Posted by Josh | Posted in GTD, SQL Server, The Rookie DBA | Posted on 06-04-2010
Tags: GTD, perspective, rookie DBA, SQL Server, SSIS
I think pretty much everyone who knows me would say that one of my defining characteristics is my singular focus. Once I put my mind to solving some problem or accomplishing something, I damn well poke at it until it’s finished. Now, in many cases this trait has served me quite well; it’s what allowed me to learn programming and SQL Server with no formal training or even so much as a seminar (thank you Internet and amazon.com), and why I consider myself an above average problem solver.
One of my favorite teachers once told me that at times I “missed the forest for the trees.” He went on to explain that at times my work tended to find it’s conclusion too early, then ignore all other points of view. Narrow focus is often good in writing, but not when it excludes other angles of approach completely.
The same could be said of how I function as a DBA. Take a project I am working on: the design and build of an enterprise data warehouse, storing performance data for every SQL server in our environment. It’s been fascinating and a tremendous learning experience, but also at time a real challenge.
Early on one of the requirements was to collect performance data on a second-by-second basis, essentially forming a “baseline” of data to review and use for later comparison. Now being the aggressive lad I am, I expanded upon this as follows: the warehouse should now store second-by-sec0nd data for every server at all times, with a retention of 2 years. Yes, you read that correctly. Two years of data, with points at every second for fifty plus servers. That’s a lot of data folks (think 1,800 rows per minute, per server, or around 129,600,000 rows per day).
So, I set out to prove it could be done. Here’s a brief list of some of the challenges I’ve hit along the way:
- PerfMon’s built-in direct-to-SQL functionality scales downright awfully. The structure of the tables would make any decent DBA shudder (the primary key of the main, and largest, table has a GUID as it’s first column, as an example), the use of bulk inserts (not using MS’s own optimization schemes), and statistics issues to name a few.
- After abandoning that approach we are going with dumping the performance data into flat files, which are then picked up by a SSIS package at intervals, which required a custom script component acting as a data flow source. This is due to the fact that PerfMon records its data in .csv files with a dynamic and unpredictable number and order of columns. Custom logic had to be written to essentially perform a reverse pivot of the data into a more normalized form.

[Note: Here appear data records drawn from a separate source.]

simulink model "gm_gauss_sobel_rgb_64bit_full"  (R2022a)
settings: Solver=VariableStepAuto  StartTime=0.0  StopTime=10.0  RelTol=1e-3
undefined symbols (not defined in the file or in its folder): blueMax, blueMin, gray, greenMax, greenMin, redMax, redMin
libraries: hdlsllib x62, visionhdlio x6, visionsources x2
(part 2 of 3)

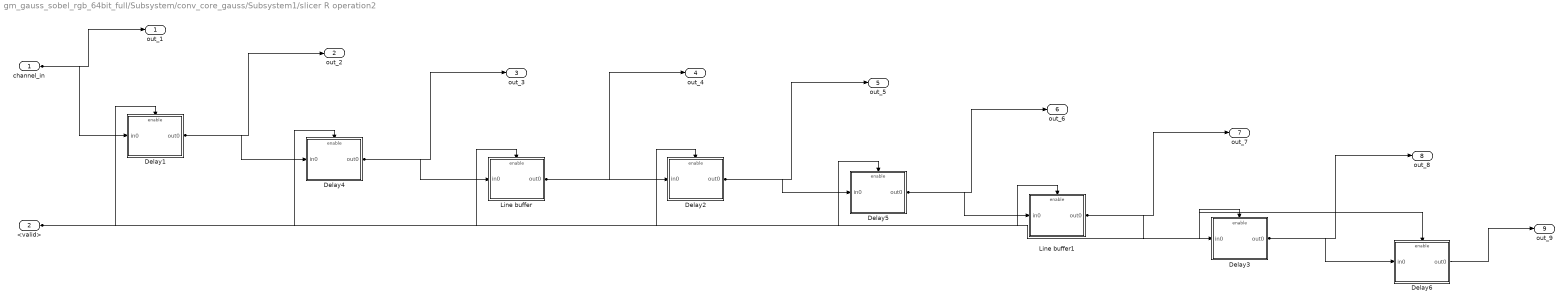
== system gm_gauss_sobel_rgb_64bit_full/Subsystem/conv_core_gauss/Subsystem1/slicer R operation2 ==
  channel_in : Inport  OutDataTypeStr=uint8  PortDimensions=1  SampleTime=2.77039007092199e-06
  <valid> : Inport  Port=2  OutDataTypeStr=boolean  SampleTime=2.77039007092199e-06
  Delay1 : Subsystem
      settings: MinAlgLoopOccurrences=on
  Delay2 : Subsystem
      settings: MinAlgLoopOccurrences=on
  Delay3 : Subsystem
      settings: MinAlgLoopOccurrences=on
  Delay4 : Subsystem
      settings: MinAlgLoopOccurrences=on
  Delay5 : Subsystem
      settings: MinAlgLoopOccurrences=on
  Delay6 : Subsystem
      settings: MinAlgLoopOccurrences=on
  Line buffer : Subsystem
      settings: MinAlgLoopOccurrences=on
  Line buffer1 : Subsystem
      settings: MinAlgLoopOccurrences=on
  out_1 : Outport  SampleTime=2.77039007092199e-06  InitialOutput=0  VectorParamsAs1DForOutWhenUnconnected=off
  out_2 : Outport  Port=2  SampleTime=2.77039007092199e-06  InitialOutput=0  VectorParamsAs1DForOutWhenUnconnected=off
  out_3 : Outport  Port=3  SampleTime=2.77039007092199e-06  InitialOutput=0  VectorParamsAs1DForOutWhenUnconnected=off
  out_4 : Outport  Port=4  SampleTime=2.77039007092199e-06  InitialOutput=0  VectorParamsAs1DForOutWhenUnconnected=off
  out_5 : Outport  Port=5  SampleTime=2.77039007092199e-06  InitialOutput=0  VectorParamsAs1DForOutWhenUnconnected=off
  out_6 : Outport  Port=6  SampleTime=2.77039007092199e-06  InitialOutput=0  VectorParamsAs1DForOutWhenUnconnected=off
  out_7 : Outport  Port=7  SampleTime=2.77039007092199e-06  InitialOutput=0  VectorParamsAs1DForOutWhenUnconnected=off
  out_8 : Outport  Port=8  SampleTime=2.77039007092199e-06  InitialOutput=0  VectorParamsAs1DForOutWhenUnconnected=off
  out_9 : Outport  Port=9  SampleTime=2.77039007092199e-06  InitialOutput=0  VectorParamsAs1DForOutWhenUnconnected=off
  wires:
  channel_in/1 -> Delay1/1(in0), out_1/1
  Delay1/1(out0) -> Delay4/1(in0), out_2/1
  Delay2/1(out0) -> Delay5/1(in0), out_5/1
  Delay3/1(out0) -> Delay6/1(in0), out_8/1
  Delay4/1(out0) -> Line buffer/1(in0), out_3/1
  Delay5/1(out0) -> Line buffer1/1(in0), out_6/1
  Delay6/1(out0) -> out_9/1
  Line buffer/1(out0) -> Delay2/1(in0), out_4/1
  Line buffer1/1(out0) -> Delay3/1(in0), out_7/1
  <valid>/1 -> Line buffer1/Enable, Line buffer/Enable, Delay6/Enable, Delay5/Enable, Delay4/Enable, Delay3/Enable, Delay2/Enable, Delay1/Enable

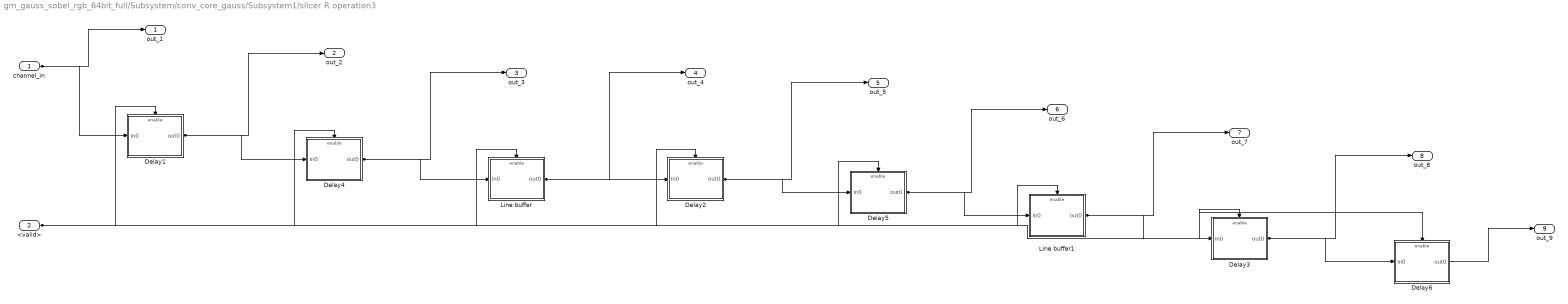
== system gm_gauss_sobel_rgb_64bit_full/Subsystem/conv_core_gauss/Subsystem1/slicer R operation3 ==
  channel_in : Inport  OutDataTypeStr=uint8  PortDimensions=1  SampleTime=2.77039007092199e-06
  <valid> : Inport  Port=2  OutDataTypeStr=boolean  SampleTime=2.77039007092199e-06
  Delay1 : Subsystem
      settings: MinAlgLoopOccurrences=on
  Delay2 : Subsystem
      settings: MinAlgLoopOccurrences=on
  Delay3 : Subsystem
      settings: MinAlgLoopOccurrences=on
  Delay4 : Subsystem
      settings: MinAlgLoopOccurrences=on
  Delay5 : Subsystem
      settings: MinAlgLoopOccurrences=on
  Delay6 : Subsystem
      settings: MinAlgLoopOccurrences=on
  Line buffer : Subsystem
      settings: MinAlgLoopOccurrences=on
  Line buffer1 : Subsystem
      settings: MinAlgLoopOccurrences=on
  out_1 : Outport  SampleTime=2.77039007092199e-06  InitialOutput=0  VectorParamsAs1DForOutWhenUnconnected=off
  out_2 : Outport  Port=2  SampleTime=2.77039007092199e-06  InitialOutput=0  VectorParamsAs1DForOutWhenUnconnected=off
  out_3 : Outport  Port=3  SampleTime=2.77039007092199e-06  InitialOutput=0  VectorParamsAs1DForOutWhenUnconnected=off
  out_4 : Outport  Port=4  SampleTime=2.77039007092199e-06  InitialOutput=0  VectorParamsAs1DForOutWhenUnconnected=off
  out_5 : Outport  Port=5  SampleTime=2.77039007092199e-06  InitialOutput=0  VectorParamsAs1DForOutWhenUnconnected=off
  out_6 : Outport  Port=6  SampleTime=2.77039007092199e-06  InitialOutput=0  VectorParamsAs1DForOutWhenUnconnected=off
  out_7 : Outport  Port=7  SampleTime=2.77039007092199e-06  InitialOutput=0  VectorParamsAs1DForOutWhenUnconnected=off
  out_8 : Outport  Port=8  SampleTime=2.77039007092199e-06  InitialOutput=0  VectorParamsAs1DForOutWhenUnconnected=off
  out_9 : Outport  Port=9  SampleTime=2.77039007092199e-06  InitialOutput=0  VectorParamsAs1DForOutWhenUnconnected=off
  wires:
  channel_in/1 -> Delay1/1(in0), out_1/1
  Delay1/1(out0) -> Delay4/1(in0), out_2/1
  Delay2/1(out0) -> Delay5/1(in0), out_5/1
  Delay3/1(out0) -> Delay6/1(in0), out_8/1
  Delay4/1(out0) -> Line buffer/1(in0), out_3/1
  Delay5/1(out0) -> Line buffer1/1(in0), out_6/1
  Delay6/1(out0) -> out_9/1
  Line buffer/1(out0) -> Delay2/1(in0), out_4/1
  Line buffer1/1(out0) -> Delay3/1(in0), out_7/1
  <valid>/1 -> Line buffer1/Enable, Line buffer/Enable, Delay6/Enable, Delay5/Enable, Delay4/Enable, Delay3/Enable, Delay2/Enable, Delay1/Enable

== system gm_gauss_sobel_rgb_64bit_full/Subsystem/conv_core_gauss/Subsystem1/slicer R operation4 ==
  channel_in : Inport  OutDataTypeStr=uint8  PortDimensions=1  SampleTime=2.77039007092199e-06
  <valid> : Inport  Port=2  OutDataTypeStr=boolean  SampleTime=2.77039007092199e-06
  Delay1 : Subsystem
      settings: MinAlgLoopOccurrences=on
  Delay2 : Subsystem
      settings: MinAlgLoopOccurrences=on
  Delay3 : Subsystem
      settings: MinAlgLoopOccurrences=on
  Delay4 : Subsystem
      settings: MinAlgLoopOccurrences=on
  Delay5 : Subsystem
      settings: MinAlgLoopOccurrences=on
  Delay6 : Subsystem
      settings: MinAlgLoopOccurrences=on
  Line buffer : Subsystem
      settings: MinAlgLoopOccurrences=on
  Line buffer1 : Subsystem
      settings: MinAlgLoopOccurrences=on
  out_1 : Outport  SampleTime=2.77039007092199e-06  InitialOutput=0  VectorParamsAs1DForOutWhenUnconnected=off
  out_2 : Outport  Port=2  SampleTime=2.77039007092199e-06  InitialOutput=0  VectorParamsAs1DForOutWhenUnconnected=off
  out_3 : Outport  Port=3  SampleTime=2.77039007092199e-06  InitialOutput=0  VectorParamsAs1DForOutWhenUnconnected=off
  out_4 : Outport  Port=4  SampleTime=2.77039007092199e-06  InitialOutput=0  VectorParamsAs1DForOutWhenUnconnected=off
  out_5 : Outport  Port=5  SampleTime=2.77039007092199e-06  InitialOutput=0  VectorParamsAs1DForOutWhenUnconnected=off
  out_6 : Outport  Port=6  SampleTime=2.77039007092199e-06  InitialOutput=0  VectorParamsAs1DForOutWhenUnconnected=off
  out_7 : Outport  Port=7  SampleTime=2.77039007092199e-06  InitialOutput=0  VectorParamsAs1DForOutWhenUnconnected=off
  out_8 : Outport  Port=8  SampleTime=2.77039007092199e-06  InitialOutput=0  VectorParamsAs1DForOutWhenUnconnected=off
  out_9 : Outport  Port=9  SampleTime=2.77039007092199e-06  InitialOutput=0  VectorParamsAs1DForOutWhenUnconnected=off
  wires:
  channel_in/1 -> Delay1/1(in0), out_1/1
  Delay1/1(out0) -> Delay4/1(in0), out_2/1
  Delay2/1(out0) -> Delay5/1(in0), out_5/1
  Delay3/1(out0) -> Delay6/1(in0), out_8/1
  Delay4/1(out0) -> Line buffer/1(in0), out_3/1
  Delay5/1(out0) -> Line buffer1/1(in0), out_6/1
  Delay6/1(out0) -> out_9/1
  Line buffer/1(out0) -> Delay2/1(in0), out_4/1
  Line buffer1/1(out0) -> Delay3/1(in0), out_7/1
  <valid>/1 -> Line buffer1/Enable, Line buffer/Enable, Delay6/Enable, Delay5/Enable, Delay4/Enable, Delay3/Enable, Delay2/Enable, Delay1/Enable

== system gm_gauss_sobel_rgb_64bit_full/Subsystem/conv_core_gauss/Subsystem1/slicer R operation5 ==
  channel_in : Inport  OutDataTypeStr=uint8  PortDimensions=1  SampleTime=2.77039007092199e-06
  <valid> : Inport  Port=2  OutDataTypeStr=boolean  SampleTime=2.77039007092199e-06
  Delay1 : Subsystem
      settings: MinAlgLoopOccurrences=on
  Delay2 : Subsystem
      settings: MinAlgLoopOccurrences=on
  Delay3 : Subsystem
      settings: MinAlgLoopOccurrences=on
  Delay4 : Subsystem
      settings: MinAlgLoopOccurrences=on
  Delay5 : Subsystem
      settings: MinAlgLoopOccurrences=on
  Delay6 : Subsystem
      settings: MinAlgLoopOccurrences=on
  Line buffer : Subsystem
      settings: MinAlgLoopOccurrences=on
  Line buffer1 : Subsystem
      settings: MinAlgLoopOccurrences=on
  out_1 : Outport  SampleTime=2.77039007092199e-06  InitialOutput=0  VectorParamsAs1DForOutWhenUnconnected=off
  out_2 : Outport  Port=2  SampleTime=2.77039007092199e-06  InitialOutput=0  VectorParamsAs1DForOutWhenUnconnected=off
  out_3 : Outport  Port=3  SampleTime=2.77039007092199e-06  InitialOutput=0  VectorParamsAs1DForOutWhenUnconnected=off
  out_4 : Outport  Port=4  SampleTime=2.77039007092199e-06  InitialOutput=0  VectorParamsAs1DForOutWhenUnconnected=off
  out_5 : Outport  Port=5  SampleTime=2.77039007092199e-06  InitialOutput=0  VectorParamsAs1DForOutWhenUnconnected=off
  out_6 : Outport  Port=6  SampleTime=2.77039007092199e-06  InitialOutput=0  VectorParamsAs1DForOutWhenUnconnected=off
  out_7 : Outport  Port=7  SampleTime=2.77039007092199e-06  InitialOutput=0  VectorParamsAs1DForOutWhenUnconnected=off
  out_8 : Outport  Port=8  SampleTime=2.77039007092199e-06  InitialOutput=0  VectorParamsAs1DForOutWhenUnconnected=off
  out_9 : Outport  Port=9  SampleTime=2.77039007092199e-06  InitialOutput=0  VectorParamsAs1DForOutWhenUnconnected=off
  wires:
  channel_in/1 -> Delay1/1(in0), out_1/1
  Delay1/1(out0) -> Delay4/1(in0), out_2/1
  Delay2/1(out0) -> Delay5/1(in0), out_5/1
  Delay3/1(out0) -> Delay6/1(in0), out_8/1
  Delay4/1(out0) -> Line buffer/1(in0), out_3/1
  Delay5/1(out0) -> Line buffer1/1(in0), out_6/1
  Delay6/1(out0) -> out_9/1
  Line buffer/1(out0) -> Delay2/1(in0), out_4/1
  Line buffer1/1(out0) -> Delay3/1(in0), out_7/1
  <valid>/1 -> Line buffer1/Enable, Line buffer/Enable, Delay6/Enable, Delay5/Enable, Delay4/Enable, Delay3/Enable, Delay2/Enable, Delay1/Enable

== system gm_gauss_sobel_rgb_64bit_full/Subsystem/conv_core_gauss/Subsystem1/slicer R operation6 ==
  channel_in : Inport  OutDataTypeStr=uint8  PortDimensions=1  SampleTime=2.77039007092199e-06
  <valid> : Inport  Port=2  OutDataTypeStr=boolean  SampleTime=2.77039007092199e-06
  Delay1 : Subsystem
      settings: MinAlgLoopOccurrences=on
  Delay2 : Subsystem
      settings: MinAlgLoopOccurrences=on
  Delay3 : Subsystem
      settings: MinAlgLoopOccurrences=on
  Delay4 : Subsystem
      settings: MinAlgLoopOccurrences=on
  Delay5 : Subsystem
      settings: MinAlgLoopOccurrences=on
  Delay6 : Subsystem
      settings: MinAlgLoopOccurrences=on
  Line buffer : Subsystem
      settings: MinAlgLoopOccurrences=on
  Line buffer1 : Subsystem
      settings: MinAlgLoopOccurrences=on
  out_1 : Outport  SampleTime=2.77039007092199e-06  InitialOutput=0  VectorParamsAs1DForOutWhenUnconnected=off
  out_2 : Outport  Port=2  SampleTime=2.77039007092199e-06  InitialOutput=0  VectorParamsAs1DForOutWhenUnconnected=off
  out_3 : Outport  Port=3  SampleTime=2.77039007092199e-06  InitialOutput=0  VectorParamsAs1DForOutWhenUnconnected=off
  out_4 : Outport  Port=4  SampleTime=2.77039007092199e-06  InitialOutput=0  VectorParamsAs1DForOutWhenUnconnected=off
  out_5 : Outport  Port=5  SampleTime=2.77039007092199e-06  InitialOutput=0  VectorParamsAs1DForOutWhenUnconnected=off
  out_6 : Outport  Port=6  SampleTime=2.77039007092199e-06  InitialOutput=0  VectorParamsAs1DForOutWhenUnconnected=off
  out_7 : Outport  Port=7  SampleTime=2.77039007092199e-06  InitialOutput=0  VectorParamsAs1DForOutWhenUnconnected=off
  out_8 : Outport  Port=8  SampleTime=2.77039007092199e-06  InitialOutput=0  VectorParamsAs1DForOutWhenUnconnected=off
  out_9 : Outport  Port=9  SampleTime=2.77039007092199e-06  InitialOutput=0  VectorParamsAs1DForOutWhenUnconnected=off
  wires:
  channel_in/1 -> Delay1/1(in0), out_1/1
  Delay1/1(out0) -> Delay4/1(in0), out_2/1
  Delay2/1(out0) -> Delay5/1(in0), out_5/1
  Delay3/1(out0) -> Delay6/1(in0), out_8/1
  Delay4/1(out0) -> Line buffer/1(in0), out_3/1
  Delay5/1(out0) -> Line buffer1/1(in0), out_6/1
  Delay6/1(out0) -> out_9/1
  Line buffer/1(out0) -> Delay2/1(in0), out_4/1
  Line buffer1/1(out0) -> Delay3/1(in0), out_7/1
  <valid>/1 -> Line buffer1/Enable, Line buffer/Enable, Delay6/Enable, Delay5/Enable, Delay4/Enable, Delay3/Enable, Delay2/Enable, Delay1/Enable

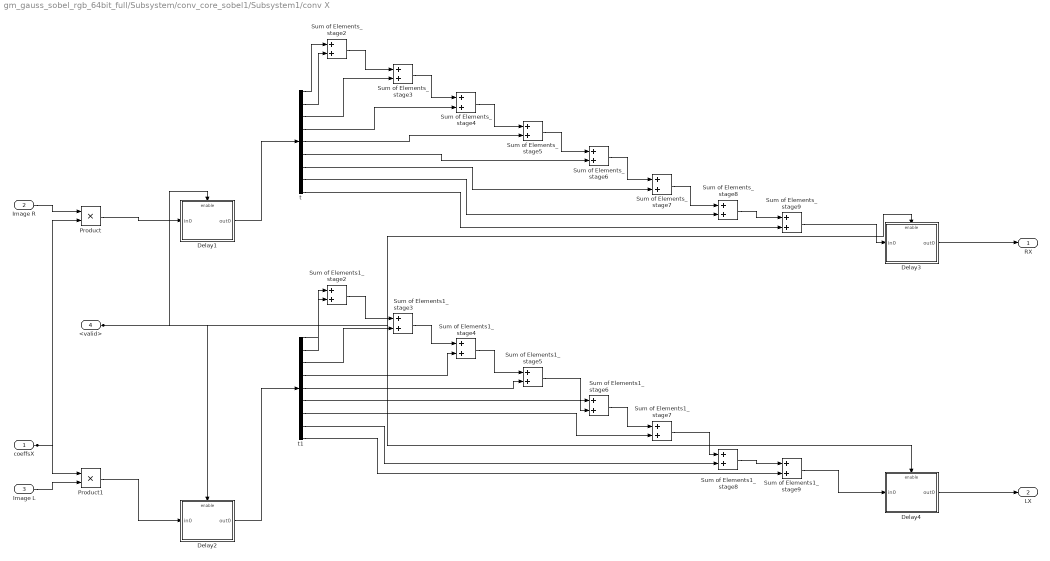
== system gm_gauss_sobel_rgb_64bit_full/Subsystem/conv_core_sobel1/Subsystem1/conv X ==
  coeffsX : Inport  OutDataTypeStr=int8  PortDimensions=[9]  SampleTime=2.77039007092199e-06
  Image R : Inport  Port=2  OutDataTypeStr=uint8  PortDimensions=[9]  SampleTime=2.77039007092199e-06
  Image L : Inport  Port=3  OutDataTypeStr=uint8  PortDimensions=[9]  SampleTime=2.77039007092199e-06
  <valid> : Inport  Port=4  OutDataTypeStr=boolean  SampleTime=2.77039007092199e-06
  Delay1 : Subsystem
      settings: MinAlgLoopOccurrences=on
  Delay2 : Subsystem
      settings: MinAlgLoopOccurrences=on
  Delay3 : Subsystem
      settings: MinAlgLoopOccurrences=on
  Delay4 : Subsystem
      settings: MinAlgLoopOccurrences=on
  Product : Product  Inputs=**  OutDataTypeStr=int16  SaturateOnIntegerOverflow=on  SampleTime=2.77039007092199e-06
  Product1 : Product  Inputs=**  OutDataTypeStr=int16  SaturateOnIntegerOverflow=on  SampleTime=2.77039007092199e-06
  Sum of Elements1_stage{2..8} (7 alike) : Sum  AccumDataTypeStr=int32  OutDataTypeStr=int32  SaturateOnIntegerOverflow=on  SampleTime=2.77039007092199e-06
  Sum of Elements1_stage9 : Sum  AccumDataTypeStr=int32  OutDataTypeStr=uint8  SaturateOnIntegerOverflow=on  SampleTime=2.77039007092199e-06
  Sum of Elements_stage{2..8} (7 alike) : Sum  AccumDataTypeStr=int32  OutDataTypeStr=int32  SaturateOnIntegerOverflow=on  SampleTime=2.77039007092199e-06
  Sum of Elements_stage9 : Sum  AccumDataTypeStr=int32  OutDataTypeStr=uint8  SaturateOnIntegerOverflow=on  SampleTime=2.77039007092199e-06
  t : Demux  Outputs=9
  t1 : Demux  Outputs=9
  RX : Outport  SampleTime=2.77039007092199e-06  InitialOutput=0
  LX : Outport  Port=2  SampleTime=2.77039007092199e-06  InitialOutput=0
  wires:
  coeffsX/1 -> Product1/1, Product/2
  Image R/1 -> Product/1
  Image L/1 -> Product1/2
  Delay1/1(out0) -> t/1
  Delay2/1(out0) -> t1/1
  Delay3/1(out0) -> RX/1
  Delay4/1(out0) -> LX/1
  Product/1 -> Delay1/1(in0)
  Product1/1 -> Delay2/1(in0)
  <valid>/1 -> Delay4/Enable, Delay3/Enable, Delay2/Enable, Delay1/Enable
  Sum of Elements_stage9/1 -> Delay3/1(in0)
  t/1 -> Sum of Elements_stage2/1
  t/2 -> Sum of Elements_stage2/2
  t/3 -> Sum of Elements_stage3/2
  t/4 -> Sum of Elements_stage4/2
  t/5 -> Sum of Elements_stage5/2
  t/6 -> Sum of Elements_stage6/2
  t/7 -> Sum of Elements_stage7/2
  t/8 -> Sum of Elements_stage8/2
  t/9 -> Sum of Elements_stage9/2
  Sum of Elements_stage2/1 -> Sum of Elements_stage3/1
  Sum of Elements_stage3/1 -> Sum of Elements_stage4/1
  Sum of Elements_stage4/1 -> Sum of Elements_stage5/1
  Sum of Elements_stage5/1 -> Sum of Elements_stage6/1
  Sum of Elements_stage6/1 -> Sum of Elements_stage7/1
  Sum of Elements_stage7/1 -> Sum of Elements_stage8/1
  Sum of Elements_stage8/1 -> Sum of Elements_stage9/1
  Sum of Elements1_stage9/1 -> Delay4/1(in0)
  t1/1 -> Sum of Elements1_stage2/1
  t1/2 -> Sum of Elements1_stage2/2
  t1/3 -> Sum of Elements1_stage3/2
  t1/4 -> Sum of Elements1_stage4/2
  t1/5 -> Sum of Elements1_stage5/2
  t1/6 -> Sum of Elements1_stage6/2
  t1/7 -> Sum of Elements1_stage7/2
  t1/8 -> Sum of Elements1_stage8/2
  t1/9 -> Sum of Elements1_stage9/2
  Sum of Elements1_stage2/1 -> Sum of Elements1_stage3/1
  Sum of Elements1_stage3/1 -> Sum of Elements1_stage4/1
  Sum of Elements1_stage4/1 -> Sum of Elements1_stage5/1
  Sum of Elements1_stage5/1 -> Sum of Elements1_stage6/1
  Sum of Elements1_stage6/1 -> Sum of Elements1_stage7/1
  Sum of Elements1_stage7/1 -> Sum of Elements1_stage8/1
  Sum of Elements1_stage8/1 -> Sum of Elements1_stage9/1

- Even fully optimized, the package simply could not keep up with the incoming flood of files. They would eventually pile up and consume disk space, not to mention having stale data in the warehouse. This was attacked by custom coding a script task in a parent SSIS package that would dynamically spawn multiple threads running a child package to import one file each, up to ten at once (I’m shocked by the way that this isn’t either a standard part of SSIS or that a suitable aftermarket component could not be found). Naturally this promptly brought the server to its knees, being a poor little VM with only four CPUs. But the files did import faster!
Now, throughout all of this, keep in mind that I was going far beyond the original and still stated requirements given to me. Why? Because dammit, I was out to prove that such a huge amount of data could be handled by a little VM running SQL 2008 Standard Edition.
Well, today I cried Uncle. In an effort to actually get some usable data into the system, we’re (read, I’m) reducing our goals to only baselining one server at a time, with others collecting a mere four data points per minute. And damn, I am disappointed we haven’t gotten there yet. But you can believe I’m not giving up. But at the same time, I look back and consider all the time I spent chasing what, pride?
My old teacher was right: I need to stop staring at the one big tree in front of me and enjoy the woods a bit more. Luckily, there’s this little methodology I follow called GTD, and something tells me it’s going to be very useful in this upward movement of focus.